EFFECTIVE AND EFFICIENT BORDA COUNT APPROACH USING INDEX BASED ALGORITHM FOR TOP-K QUERY ON MULTIVALUED OBJECTS

As ranking is an essential analytic method, it is natural and fundamental to investigate how to rank a set of multivalued objects. To the best of our knowledge, however, there is no existing work addressing this important problem systematically. One may think we may simply rank multivalued objects as uncertain/probabilistic data. However, the models of multivalued objects and uncertain/probabilistic ones are fundamentally different. Different from the existing models of ranking uncertain and probabilistic data, which model an object as a random variable and the instances of an object are assumed exclusive, we have to capture the coexistence of instances here. To tackle the problem, we advocate the semantics of favoring widely preferred objects instead of majority votes, which is widely used in many elections and competitions. Technically, we borrow the idea from Borda Count (BC), a well-recognized method in consensus-based voting systems.

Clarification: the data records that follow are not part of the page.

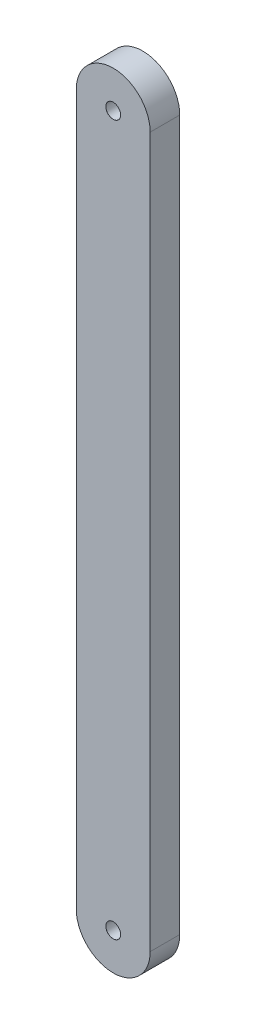
SolidWorks part; units mm, degrees
material "Alloy Steel"
ref_plane "Front Plane" through (0, 0, 0) normal (0, 0, 1) x (1, 0, 0)
ref_plane "Top Plane" through (0, 0, 0) normal (0, 1, 0) x (1, 0, 0)
ref_plane "Right Plane" through (0, 0, 0) normal (1, 0, 0) x (0, 0, -1)
sketch "Sketch2" plane through (0, 0, 0) normal (0, 0, 1) x (1, 0, 0)
  line L0 (-50, -240) -> (-50, 240)
  line L1 (0, 240) -> (0, -240)
  arc A0 (-50, 240) -> (0, 240) centre (-25, 240) cw
  arc A1 (0, -240) -> (-50, -240) centre (-25, -240) cw
  dimension "D1" = 480
  dimension "D2" = 50
extrude "Boss-Extrude1" add sketch "Sketch2" along normal blind 20
hole_wizard "Ø10.0mm Dowel Hole1" positions "Sketch3" profile "Sketch4" hole size "Ø10.0" standard "ANSI Metric" end condition through all
sketch "Sketch3" plane through (0, 0, 20) normal (0, 0, 1) x (1, 0, 0)
  point P0 (-25, 240)
  point P3 (-25, -240)
sketch "Sketch4" plane through (-25, 240, 20) normal (1, 0, 0) x (0, -1, 0)
  line L0 (0, 0) -> (0, 20)
  line L1 (0, 20) -> (5, 20)
  line L2 (5, 20) -> (5, 0.025)
  line L3 (5, 0.025) -> (5.025, 0)
  line L5 (5.025, 0) -> (0, 0)
  line L6 (-5, 0.025) -> (-5.025, 0) construction
  line L11 (0, -6.35) -> (0, 107.95) construction
  dimension "Thru Hole Dia." = 10
  dimension "Thru Hole Depth" = 20
  dimension "Near C'Sink Dia." = 10.05
  dimension "Near C'Sink Angle" = 90
scale "Scale1" scale about centroid uniform scaling yes scale factor 0.125
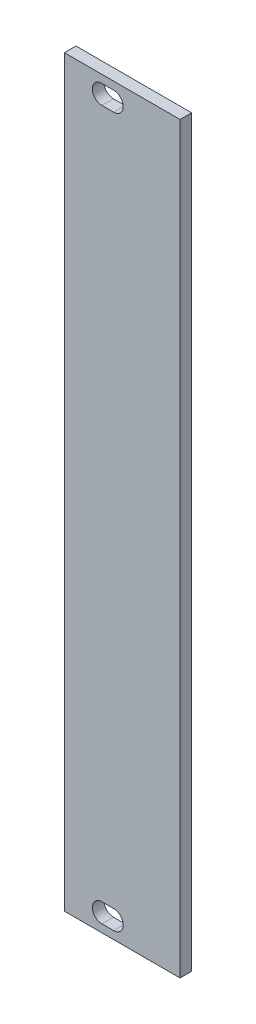
SolidWorks part; units mm, degrees
ref_plane "Front Plane" through (0, 0, 0) normal (0, 0, 1) x (1, 0, 0)
ref_plane "Top Plane" through (0, 0, 0) normal (0, 1, 0) x (1, 0, 0)
ref_plane "Right Plane" through (0, 0, 0) normal (1, 0, 0) x (0, 0, -1)
sketch "Sketch1" plane through (0, 0, 0) normal (0, 0, 1) x (1, 0, 0)
  line L0 (-2.5, 64.25) -> (-2.5, -64.25) construction
  line L1 (-10, 64.25) -> (10, 64.25)
  line L2 (-10, 64.25) -> (-10, -64.25)
  line L3 (-10, -64.25) -> (10, -64.25)
  line L4 (10, 64.25) -> (10, -64.25)
  line L5 (-10, 64.25) -> (10, -64.25) construction
  line L6 (-10, -64.25) -> (10, 64.25) construction
  line L7 (-10, 61.25) -> (10, 61.25) construction
  line L8 (-10, -61.25) -> (10, -61.25) construction
  line L9 (-3.516, -61.25) -> (-1.484, -61.25) construction
  line L11 (-3.516, -59.6) -> (-1.484, -59.6)
  line L12 (-3.516, -62.9) -> (-1.484, -62.9)
  line L13 (-3.516, 61.25) -> (-1.484, 61.25) construction
  line L14 (-3.516, 62.9) -> (-1.484, 62.9)
  line L15 (-3.516, 59.6) -> (-1.484, 59.6)
  arc A0 (-3.516, -59.6) -> (-3.516, -62.9) centre (-3.516, -61.25) ccw
  arc A1 (-1.484, -62.9) -> (-1.484, -59.6) centre (-1.484, -61.25) ccw
  arc A2 (-3.516, 62.9) -> (-3.516, 59.6) centre (-3.516, 61.25) ccw
  arc A3 (-1.484, 59.6) -> (-1.484, 62.9) centre (-1.484, 61.25) ccw
  point P0 (0, 0)
  point P18 (-2.5, -61.25)
  point P24 (-2.5, 61.25)
  dimension "D6" = 1.65
  dimension "D7" = 1.65
  dimension "D1" = 128.5
  dimension "D2" = 20
  dimension "D3" = 7.5
  dimension "D4" = 3
  dimension "D8" = 2.032
  dimension "D9" = 2.032
  dimension "D5" = 3
extrude "Boss-Extrude1" add sketch "Sketch1" along normal blind 2

However, Borda Count cannot handle multivalued objects of inconsistent cardinality, and is costly to evaluate top k queries on large multidimensional data sets. To address the challenges, we extend and generalize Borda Count to quantile-based Borda Count, and develop efficient computational methods with comprehensive cost analysis. We present case studies on real data sets to demonstrate the effectiveness of the generalized Borda Count ranking, and use synthetic and real data sets to verify the efficiency of our computational method.